The capsules 216 and 217 may be supported such that they may turn
within the housing 201 for this purpose. This may occur, for
example, with a screw or a lever (not shown), which projects
through the housing 201.
[0026] In FIG. 2, the front surfaces of the two capsules 216 and
217 may face each other. Alternatively, the front surfaces of the
two capsules 316 and 317 may be turned away from each other, as
shown in FIG. 3.
[0027] When the two capsules 316 and 317 are turned away from each
other, vibrations, impacts, etc., may cause a deflection of the
diaphragms 262 and 264 relative to the capsule housing 201, because
of inertia. In this situation, the vibrations, impacts, etc, may
act on the microphone system 200 and happen in a direction vertical
to the diaphragms 262 and 264, Such a situation may occur in motor
vehicles, for example, where vertical vibrations may predominate.
When the diaphragms are arranged horizontally, such as in a console
serving as an interface, undesired interfering noises may develop.
With the microphone system 200, however, the interfering signals
induced as a result of the inertia of the diaphragms 262 and 264
may be deflected in the same direction and hence, may be combined
together and disappear. As illustrated in FIG. 2, one capsule 217
may be positioned above relative to the other capsule 216. In this
way, a signal having phase shifted by 180.degree. may be formed.
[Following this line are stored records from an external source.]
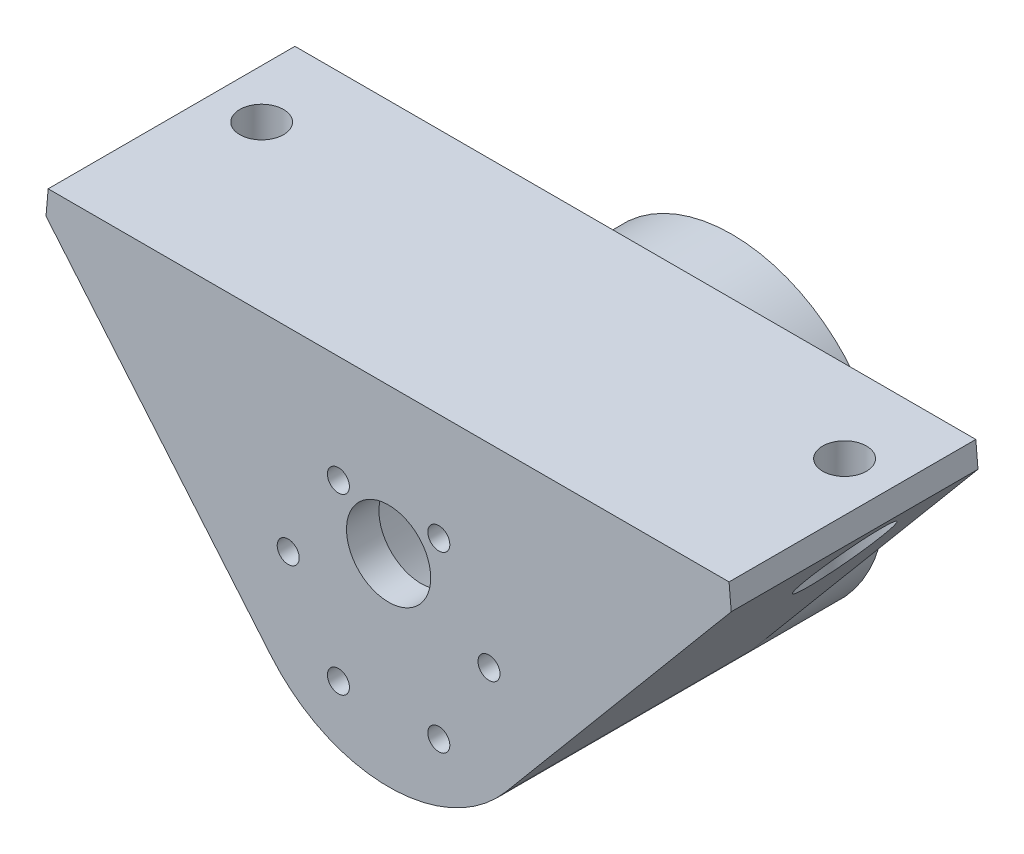
ISO-10303-21;
HEADER;
FILE_DESCRIPTION(('STEP AP214'),'2;1');
FILE_NAME('part.step','',(''),(''),'','','');
FILE_SCHEMA(('AUTOMOTIVE_DESIGN { 1 0 10303 214 1 1 1 1 }'));
ENDSEC;
DATA;
#1=APPLICATION_CONTEXT('core data for automotive mechanical design processes');
#2=APPLICATION_PROTOCOL_DEFINITION('international standard','automotive_design',2000,#1);
#3=PRODUCT_CONTEXT('',#1,'mechanical');
#4=PRODUCT('Part','Part','',(#3));
#5=PRODUCT_RELATED_PRODUCT_CATEGORY('part','',(#4));
#6=PRODUCT_DEFINITION_FORMATION('','',#4);
#7=PRODUCT_DEFINITION_CONTEXT('part definition',#1,'design');
#8=PRODUCT_DEFINITION('design','',#6,#7);
#9=PRODUCT_DEFINITION_SHAPE('','',#8);
#10=(LENGTH_UNIT() NAMED_UNIT(*) SI_UNIT(.MILLI.,.METRE.));
#11=(NAMED_UNIT(*) PLANE_ANGLE_UNIT() SI_UNIT($,.RADIAN.));
#12=(NAMED_UNIT(*) SI_UNIT($,.STERADIAN.) SOLID_ANGLE_UNIT());
#13=UNCERTAINTY_MEASURE_WITH_UNIT(LENGTH_MEASURE(1.E-05),#10,'distance_accuracy_value','');
#14=(GEOMETRIC_REPRESENTATION_CONTEXT(3) GLOBAL_UNCERTAINTY_ASSIGNED_CONTEXT((#13)) GLOBAL_UNIT_ASSIGNED_CONTEXT((#10,
#11,#12)) REPRESENTATION_CONTEXT('',''));
#15=CARTESIAN_POINT('',(0.,0.,0.));
#16=DIRECTION('',(0.,0.,1.));
#17=DIRECTION('',(1.,0.,0.));
#18=AXIS2_PLACEMENT_3D('',#15,#16,#17);
#19=CARTESIAN_POINT('',(0.,0.,-48.));
#20=DIRECTION('',(0.,0.,1.));
#21=DIRECTION('',(1.,0.,0.));
#22=AXIS2_PLACEMENT_3D('',#19,#20,#21);
#23=CYLINDRICAL_SURFACE('',#22,18.7);
#24=CARTESIAN_POINT('',(0.,0.,-48.));
#25=DIRECTION('',(0.,0.,1.));
#26=DIRECTION('',(1.,0.,0.));
#27=AXIS2_PLACEMENT_3D('',#24,#25,#26);
#28=CIRCLE('',#27,18.7);
#29=CARTESIAN_POINT('',(18.7,0.,-48.));
#30=VERTEX_POINT('',#29);
#31=EDGE_CURVE('E166',#30,#30,#28,.T.);
#32=ORIENTED_EDGE('',*,*,#31,.F.);
#33=EDGE_LOOP('',(#32));
#34=FACE_BOUND('',#33,.T.);
#35=CARTESIAN_POINT('',(0.,0.,0.));
#36=DIRECTION('',(0.,0.,1.));
#37=DIRECTION('',(1.,0.,0.));
#38=AXIS2_PLACEMENT_3D('',#35,#36,#37);
#39=CIRCLE('',#38,18.7);
#40=CARTESIAN_POINT('',(18.7,0.,0.));
#41=VERTEX_POINT('',#40);
#42=EDGE_CURVE('E163',#41,#41,#39,.T.);
#43=ORIENTED_EDGE('',*,*,#42,.T.);
#44=EDGE_LOOP('',(#43));
#45=FACE_BOUND('',#44,.T.);
#46=ADVANCED_FACE('F43',(#34,#45),#23,.F.);
#47=CARTESIAN_POINT('',(0.,0.,-48.));
#48=DIRECTION('',(0.,0.,1.));
#49=DIRECTION('',(1.,0.,0.));
#50=AXIS2_PLACEMENT_3D('',#47,#48,#49);
#51=CYLINDRICAL_SURFACE('',#50,23.7);
#52=DIRECTION('',(0.,0.,1.));
#53=VECTOR('',#52,1.);
#54=CARTESIAN_POINT('',(18.1552533019198,-15.234066349571,-33.1));
#55=LINE('',#54,#53);
#56=CARTESIAN_POINT('',(18.1552533019198,-15.234066349571,-33.1));
#57=VERTEX_POINT('',#56);
#58=CARTESIAN_POINT('',(18.1552533019198,-15.234066349571,5.));
#59=VERTEX_POINT('',#58);
#60=EDGE_CURVE('E119',#57,#59,#55,.T.);
#61=ORIENTED_EDGE('',*,*,#60,.T.);
#62=CARTESIAN_POINT('',(0.,0.,5.));
#63=DIRECTION('',(0.,0.,1.));
#64=DIRECTION('',(1.,0.,0.));
#65=AXIS2_PLACEMENT_3D('',#62,#63,#64);
#66=CIRCLE('',#65,23.7);
#67=CARTESIAN_POINT('',(-18.1552533019198,-15.234066349571,5.));
#68=VERTEX_POINT('',#67);
#69=EDGE_CURVE('E118',#68,#59,#66,.T.);
#70=ORIENTED_EDGE('',*,*,#69,.F.);
#71=DIRECTION('',(0.,0.,1.));
#72=VECTOR('',#71,1.);
#73=CARTESIAN_POINT('',(-18.1552533019198,-15.234066349571,-33.1));
#74=LINE('',#73,#72);
#75=CARTESIAN_POINT('',(-18.1552533019198,-15.234066349571,-33.1));
#76=VERTEX_POINT('',#75);
#77=EDGE_CURVE('E100',#76,#68,#74,.T.);
#78=ORIENTED_EDGE('',*,*,#77,.F.);
#79=CARTESIAN_POINT('',(0.,0.,-33.1));
#80=DIRECTION('',(0.,0.,1.));
#81=DIRECTION('',(1.,0.,0.));
#82=AXIS2_PLACEMENT_3D('',#79,#80,#81);
#83=CIRCLE('',#82,23.7);
#84=EDGE_CURVE('E104',#57,#76,#83,.T.);
#85=ORIENTED_EDGE('',*,*,#84,.F.);
#86=EDGE_LOOP('',(#61,#70,#78,#85));
#87=FACE_BOUND('',#86,.T.);
#88=CARTESIAN_POINT('',(0.,0.,-48.));
#89=DIRECTION('',(0.,0.,1.));
#90=DIRECTION('',(1.,0.,0.));
#91=AXIS2_PLACEMENT_3D('',#88,#89,#90);
#92=CIRCLE('',#91,23.7);
#93=CARTESIAN_POINT('',(23.7,0.,-48.));
#94=VERTEX_POINT('',#93);
#95=EDGE_CURVE('E169',#94,#94,#92,.T.);
#96=ORIENTED_EDGE('',*,*,#95,.T.);
#97=EDGE_LOOP('',(#96));
#98=FACE_BOUND('',#97,.T.);
#99=ADVANCED_FACE('F115',(#87,#98),#51,.T.);
#100=CARTESIAN_POINT('',(0.,0.,-48.));
#101=DIRECTION('',(0.,0.,1.));
#102=DIRECTION('',(1.,0.,0.));
#103=AXIS2_PLACEMENT_3D('',#100,#101,#102);
#104=PLANE('',#103);
#105=ORIENTED_EDGE('',*,*,#31,.T.);
#106=EDGE_LOOP('',(#105));
#107=FACE_BOUND('',#106,.T.);
#108=ORIENTED_EDGE('',*,*,#95,.F.);
#109=EDGE_LOOP('',(#108));
#110=FACE_BOUND('',#109,.T.);
#111=ADVANCED_FACE('F268',(#107,#110),#104,.F.);
#112=CARTESIAN_POINT('',(0.,0.,0.));
#113=DIRECTION('',(0.,0.,1.));
#114=DIRECTION('',(1.,0.,0.));
#115=AXIS2_PLACEMENT_3D('',#112,#113,#114);
#116=PLANE('',#115);
#117=CARTESIAN_POINT('',(-7.75000000000016,-13.4233937586587,0.));
#118=DIRECTION('',(0.,0.,1.));
#119=DIRECTION('',(1.,0.,0.));
#120=AXIS2_PLACEMENT_3D('',#117,#118,#119);
#121=CIRCLE('',#120,1.69999999999999);
#122=CARTESIAN_POINT('',(-6.05000000000017,-13.4233937586587,0.));
#123=VERTEX_POINT('',#122);
#124=EDGE_CURVE('E127',#123,#123,#121,.T.);
#125=ORIENTED_EDGE('',*,*,#124,.T.);
#126=EDGE_LOOP('',(#125));
#127=FACE_BOUND('',#126,.T.);
#128=CARTESIAN_POINT('',(7.74999999999987,-13.4233937586589,0.));
#129=DIRECTION('',(0.,0.,1.));
#130=DIRECTION('',(1.,0.,0.));
#131=AXIS2_PLACEMENT_3D('',#128,#129,#130);
#132=CIRCLE('',#131,1.69999999999999);
#133=CARTESIAN_POINT('',(9.44999999999986,-13.4233937586589,0.));
#134=VERTEX_POINT('',#133);
#135=EDGE_CURVE('E133',#134,#134,#132,.T.);
#136=ORIENTED_EDGE('',*,*,#135,.T.);
#137=EDGE_LOOP('',(#136));
#138=FACE_BOUND('',#137,.T.);
#139=CARTESIAN_POINT('',(15.5,0.,0.));
#140=DIRECTION('',(0.,0.,1.));
#141=DIRECTION('',(1.,0.,0.));
#142=AXIS2_PLACEMENT_3D('',#139,#140,#141);
#143=CIRCLE('',#142,1.69999999999999);
#144=CARTESIAN_POINT('',(17.2,0.,0.));
#145=VERTEX_POINT('',#144);
#146=EDGE_CURVE('E139',#145,#145,#143,.T.);
#147=ORIENTED_EDGE('',*,*,#146,.T.);
#148=EDGE_LOOP('',(#147));
#149=FACE_BOUND('',#148,.T.);
#150=CARTESIAN_POINT('',(7.75000000000006,13.4233937586588,0.));
#151=DIRECTION('',(0.,0.,1.));
#152=DIRECTION('',(1.,0.,0.));
#153=AXIS2_PLACEMENT_3D('',#150,#151,#152);
#154=CIRCLE('',#153,1.69999999999999);
#155=CARTESIAN_POINT('',(9.45000000000005,13.4233937586588,0.));
#156=VERTEX_POINT('',#155);
#157=EDGE_CURVE('E145',#156,#156,#154,.T.);
#158=ORIENTED_EDGE('',*,*,#157,.T.);
#159=EDGE_LOOP('',(#158));
#160=FACE_BOUND('',#159,.T.);
#161=CARTESIAN_POINT('',(-7.74999999999997,13.4233937586588,0.));
#162=DIRECTION('',(0.,0.,1.));
#163=DIRECTION('',(1.,0.,0.));
#164=AXIS2_PLACEMENT_3D('',#161,#162,#163);
#165=CIRCLE('',#164,1.69999999999999);
#166=CARTESIAN_POINT('',(-6.04999999999998,13.4233937586588,0.));
#167=VERTEX_POINT('',#166);
#168=EDGE_CURVE('E151',#167,#167,#165,.T.);
#169=ORIENTED_EDGE('',*,*,#168,.T.);
#170=EDGE_LOOP('',(#169));
#171=FACE_BOUND('',#170,.T.);
#172=CARTESIAN_POINT('',(-15.5,0.,0.));
#173=DIRECTION('',(0.,0.,1.));
#174=DIRECTION('',(1.,0.,0.));
#175=AXIS2_PLACEMENT_3D('',#172,#173,#174);
#176=CIRCLE('',#175,1.69999999999999);
#177=CARTESIAN_POINT('',(-13.8,0.,0.));
#178=VERTEX_POINT('',#177);
#179=EDGE_CURVE('E155',#178,#178,#176,.T.);
#180=ORIENTED_EDGE('',*,*,#179,.T.);
#181=EDGE_LOOP('',(#180));
#182=FACE_BOUND('',#181,.T.);
#183=CARTESIAN_POINT('',(0.,7.5,0.));
#184=DIRECTION('',(0.,0.,1.));
#185=DIRECTION('',(1.,0.,0.));
#186=AXIS2_PLACEMENT_3D('',#183,#184,#185);
#187=CIRCLE('',#186,6.5);
#188=CARTESIAN_POINT('',(6.5,7.5,0.));
#189=VERTEX_POINT('',#188);
#190=EDGE_CURVE('E158',#189,#189,#187,.T.);
#191=ORIENTED_EDGE('',*,*,#190,.T.);
#192=EDGE_LOOP('',(#191));
#193=FACE_BOUND('',#192,.T.);
#194=ORIENTED_EDGE('',*,*,#42,.F.);
#195=EDGE_LOOP('',(#194));
#196=FACE_BOUND('',#195,.T.);
#197=ADVANCED_FACE('F336',(#127,#138,#149,#160,#171,#182,#193,#196),#116,.F.);
#198=CARTESIAN_POINT('',(0.,7.5,5.));
#199=DIRECTION('',(0.,0.,-1.));
#200=DIRECTION('',(-1.,0.,0.));
#201=AXIS2_PLACEMENT_3D('',#198,#199,#200);
#202=CYLINDRICAL_SURFACE('',#201,6.5);
#203=CARTESIAN_POINT('',(0.,7.5,5.));
#204=DIRECTION('',(0.,0.,1.));
#205=DIRECTION('',(1.,0.,0.));
#206=AXIS2_PLACEMENT_3D('',#203,#204,#205);
#207=CIRCLE('',#206,6.5);
#208=CARTESIAN_POINT('',(6.5,7.5,5.));
#209=VERTEX_POINT('',#208);
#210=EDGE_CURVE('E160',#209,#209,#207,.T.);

The compensation may concern only sound within a housing 201 and
not sound arriving from surroundings that are lateral to the space
218.
[0028] The characteristics of the microphone system 200 may be
influenced or adjusted as follows. The arrangement of sound entry
openings 226, 227, 236 and 237 on the front surface, relative to
each other, determines the directional characteristics of the
capsules 216 and 217. The arrangement of the sound entry openings
226, 227, 236 and 237 may determine the directional characteristics
of the combined signals. The arrangement of the sound entry
openings on one capsule may not be necessarily identical with that
of the sound entry openings on the other capsule. The directional
characteristics may be different. Acoustical coordination of the
individual microphone capsules 216 and 217 determines the direction
characteristics of the combined signal. Acoustical coordination of
the microphone capsules 216 and 217 may be kidney-shaped or
hyper-kidney shaped. Kidney-shaped or hyper-kidney shaped
directional patterns correspond to cardiode or hypercardiode
directional patterns, which will be described more below. Two
capsules 216 and 217 may not need to have an acoustically equal
coordination of kidney shapes or hyper-kidney shapes; combinations
of kidney shapes and hyper-kidney shapes in one microphone system
are possible.
[0029] The location of the two capsules 216 and 217 with respect to
each other may influence the formed signal. The two capsules 216
and 217 may be parallel and be displaced relative to each other and
further relative to the housing 201. The displacement may be
horizontal to the diaphragm axis 265. The orientation of the sound
entry openings 226, 227, 236 and 237 of the two capsules 216 and
217 may be changed relative to each other and relative to the
housing 201. In this way, a preferential direction may be
generated, which may be adjusted similar to that of clock hands.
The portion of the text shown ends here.